Data records
((
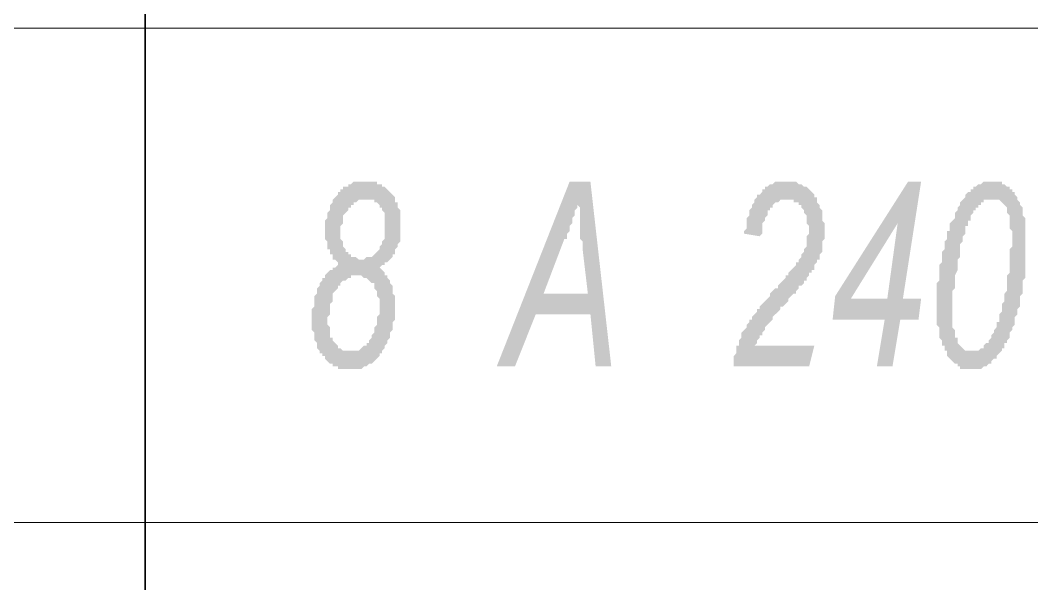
# Model space of a CAD drawing. Header units: millimetres. Extents: x 1372 to 666090, y 1285 to 31551.
# Drawn here: x 530264 to 531885, y 24894 to 25797 of the extents above; entities that cross this region are included whole.
import ezdxf

# ---------------------------------------------------------------- set-up
doc = ezdxf.new("R2010")
doc.units = ezdxf.units.MM
doc.layers.add('PDF _0', color=7, linetype='Continuous')
doc.layers.add('PDF _75-АЗ Штамп', color=7, linetype='Continuous')

msp = doc.modelspace()

# ---------------------------------------------------------------- hatches: boundary and pattern name
at = {"layer": 'PDF _75-АЗ Штамп', "transparency": 33554559}
h = msp.add_hatch(color=256, dxfattribs=at)
h.paths.add_polyline_path([(530777.5, 25405.2), (530773.3, 25405.2), (530773.3, 25409.4), (530769.2, 25413.6), (530765, 25413.6), (530765, 25417.7), (530765, 25421.9), (530760.8, 25421.9), (530760.8, 25426.1), (530760.8, 25430.2), (530756.6, 25430.2), (530756.6, 25434.4), (530756.6, 25438.6), (530756.6, 25442.8), (530752.5, 25446.9), (530752.5, 25451.1), (530752.5, 25455.3), (530752.5, 25459.4), (530752.5, 25463.6), (530752.5, 25467.8), (530752.5, 25472), (530752.5, 25476.1), (530756.6, 25480.3), (530756.6, 25480.3), (530756.6, 25484.5), (530756.6, 25488.6), (530760.8, 25492.8), (530760.8, 25497), (530760.8, 25501.2), (530765, 25505.3), (530765, 25505.3), (530765, 25509.5), (530769.2, 25513.7), (530769.2, 25513.7), (530773.3, 25517.8), (530773.3, 25522), (530777.5, 25522), (530777.5, 25526.2), (530781.7, 25526.2), (530781.7, 25530.4), (530785.8, 25530.4), (530790, 25530.4), (530790, 25534.5), (530794.2, 25534.5), (530794.2, 25534.5), (530798.4, 25538.7), (530802.5, 25538.7), (530802.5, 25538.7), (530806.7, 25538.7), (530810.9, 25538.7), (530815, 25538.7), (530815, 25538.7), (530819.2, 25538.7), (530823.4, 25538.7), (530827.6, 25538.7), (530827.6, 25538.7), (530831.7, 25538.7), (530835.9, 25538.7), (530835.9, 25534.5), (530840.1, 25534.5), (530844.2, 25534.5), (530844.2, 25530.4), (530848.4, 25530.4), (530848.4, 25530.4), (530852.6, 25526.2), (530852.6, 25526.2), (530856.8, 25522), (530856.8, 25522), (530860.9, 25517.8), (530860.9, 25517.8), (530865.1, 25513.7), (530865.1, 25509.5), (530865.1, 25505.3), (530869.3, 25505.3), (530869.3, 25501.2), (530869.3, 25497), (530873.4, 25492.8), (530873.4, 25488.6), (530873.4, 25484.5), (530873.4, 25480.3), (530873.4, 25476.1), (530873.4, 25472), (530873.4, 25467.8), (530873.4, 25467.8), (530873.4, 25463.6), (530873.4, 25459.4), (530873.4, 25455.3), (530873.4, 25451.1), (530873.4, 25446.9), (530873.4, 25442.8), (530869.3, 25438.6), (530869.3, 25434.4), (530869.3, 25434.4), (530865.1, 25430.2), (530865.1, 25430.2), (530865.1, 25426.1), (530865.1, 25421.9), (530860.9, 25421.9), (530860.9, 25417.7), (530856.8, 25413.6), (530856.8, 25413.6), (530852.6, 25409.4), (530848.4, 25409.4), (530848.4, 25405.2), (530844.2, 25405.2), (530840.1, 25401), (530840.1, 25401), (530844.2, 25396.9), (530844.2, 25396.9), (530848.4, 25392.7), (530848.4, 25388.5), (530852.6, 25388.5), (530852.6, 25384.4), (530856.8, 25380.2), (530856.8, 25380.2), (530856.8, 25376), (530860.9, 25371.9), (530860.9, 25371.9), (530860.9, 25367.7), (530860.9, 25363.5), (530860.9, 25359.3), (530865.1, 25355.2), (530865.1, 25351), (530865.1, 25346.8), (530865.1, 25342.7), (530865.1, 25338.5), (530865.1, 25334.3), (530865.1, 25330.1), (530865.1, 25326), (530865.1, 25321.8), (530865.1, 25317.6), (530860.9, 25313.5), (530860.9, 25309.3), (530860.9, 25305.1), (530860.9, 25305.1), (530860.9, 25300.9), (530856.8, 25296.8), (530856.8, 25292.6), (530856.8, 25288.4), (530852.6, 25284.3), (530852.6, 25280.1), (530852.6, 25280.1), (530848.4, 25275.9), (530848.4, 25271.7), (530844.2, 25267.6), (530844.2, 25267.6), (530844.2, 25263.4), (530840.1, 25263.4), (530840.1, 25259.2), (530835.9, 25255.1), (530835.9, 25255.1), (530831.7, 25250.9), (530831.7, 25250.9), (530827.6, 25246.7), (530823.4, 25246.7), (530823.4, 25246.7), (530819.2, 25242.5), (530819.2, 25242.5), (530815, 25242.5), (530810.9, 25238.4), (530810.9, 25238.4), (530806.7, 25238.4), (530802.5, 25238.4), (530802.5, 25238.4), (530798.4, 25238.4), (530794.2, 25238.4), (530794.2, 25238.4), (530790, 25238.4), (530785.8, 25238.4), (530781.7, 25238.4), (530781.7, 25238.4), (530777.5, 25238.4), (530773.3, 25238.4), (530773.3, 25242.5), (530769.2, 25242.5), (530765, 25242.5), (530765, 25246.7), (530760.8, 25246.7), (530760.8, 25246.7), (530756.6, 25250.9), (530756.6, 25250.9), (530752.5, 25255.1), (530752.5, 25259.2), (530748.3, 25259.2), (530748.3, 25263.4), (530744.1, 25263.4), (530744.1, 25267.6), (530740, 25271.7), (530740, 25275.9), (530740, 25280.1), (530740, 25280.1), (530735.8, 25284.3), (530735.8, 25288.4), (530735.8, 25292.6), (530735.8, 25296.8), (530731.6, 25300.9), (530731.6, 25305.1), (530731.6, 25309.3), (530731.6, 25313.5), (530731.6, 25317.6), (530731.6, 25321.8), (530731.6, 25326), (530731.6, 25330.1), (530731.6, 25334.3), (530735.8, 25338.5), (530735.8, 25342.7), (530735.8, 25346.8), (530735.8, 25351), (530735.8, 25355.2), (530740, 25359.3), (530740, 25359.3), (530740, 25363.5), (530740, 25367.7), (530744.1, 25371.9), (530744.1, 25371.9), (530744.1, 25376), (530748.3, 25380.2), (530748.3, 25384.4), (530752.5, 25384.4), (530752.5, 25388.5), (530756.6, 25392.7), (530756.6, 25392.7), (530760.8, 25396.9), (530765, 25396.9), (530765, 25401), (530769.2, 25401), (530769.2, 25401), (530773.3, 25405.2), (530777.5, 25405.2)], flags=0)
h.paths.add_polyline_path([(530777.5, 25459.4), (530777.5, 25451.1), (530777.5, 25446.9), (530777.5, 25446.9), (530781.7, 25442.8), (530781.7, 25438.6), (530781.7, 25434.4), (530785.8, 25430.2), (530785.8, 25426.1), (530785.8, 25426.1), (530790, 25426.1), (530790, 25421.9), (530794.2, 25421.9), (530794.2, 25417.7), (530798.4, 25417.7), (530802.5, 25417.7), (530802.5, 25417.7), (530806.7, 25413.6), (530810.9, 25413.6), (530810.9, 25413.6), (530815, 25413.6), (530815, 25413.6), (530819.2, 25417.7), (530823.4, 25417.7), (530823.4, 25417.7), (530827.6, 25417.7), (530831.7, 25421.9), (530831.7, 25421.9), (530835.9, 25426.1), (530835.9, 25426.1), (530840.1, 25430.2), (530840.1, 25430.2), (530840.1, 25434.4), (530844.2, 25438.6), (530844.2, 25438.6), (530844.2, 25442.8), (530848.4, 25446.9), (530848.4, 25451.1), (530848.4, 25455.3), (530848.4, 25459.4), (530848.4, 25463.6), (530848.4, 25467.8), (530848.4, 25467.8), (530848.4, 25472), (530848.4, 25476.1), (530848.4, 25480.3), (530848.4, 25484.5), (530848.4, 25488.6), (530844.2, 25492.8), (530844.2, 25492.8), (530844.2, 25497), (530840.1, 25497), (530840.1, 25501.2), (530835.9, 25505.3), (530835.9, 25505.3), (530831.7, 25505.3), (530831.7, 25509.5), (530827.6, 25509.5), (530823.4, 25509.5), (530823.4, 25509.5), (530819.2, 25509.5), (530819.2, 25509.5), (530815, 25509.5), (530810.9, 25509.5), (530810.9, 25509.5), (530806.7, 25509.5), (530802.5, 25505.3), (530802.5, 25505.3), (530798.4, 25505.3), (530798.4, 25501.2), (530794.2, 25501.2), (530794.2, 25497), (530790, 25497), (530790, 25492.8), (530785.8, 25488.6), (530785.8, 25488.6), (530781.7, 25484.5), (530781.7, 25484.5), (530781.7, 25480.3), (530781.7, 25476.1), (530781.7, 25472), (530777.5, 25467.8), (530777.5, 25463.6), (530777.5, 25459.4), (530777.5, 25459.4)], flags=0)
h.paths.add_polyline_path([(530756.6, 25313.5), (530756.6, 25309.3), (530760.8, 25305.1), (530760.8, 25300.9), (530760.8, 25296.8), (530760.8, 25292.6), (530760.8, 25292.6), (530760.8, 25288.4), (530765, 25288.4), (530765, 25284.3), (530769.2, 25280.1), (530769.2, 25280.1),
))
# Prompt
Show every line above where "linetype" is found.

# Exercise answer
doc.layers.add('PDF _0', color=7, linetype='Continuous')
doc.layers.add('PDF _75-АЗ Штамп', color=7, linetype='Continuous')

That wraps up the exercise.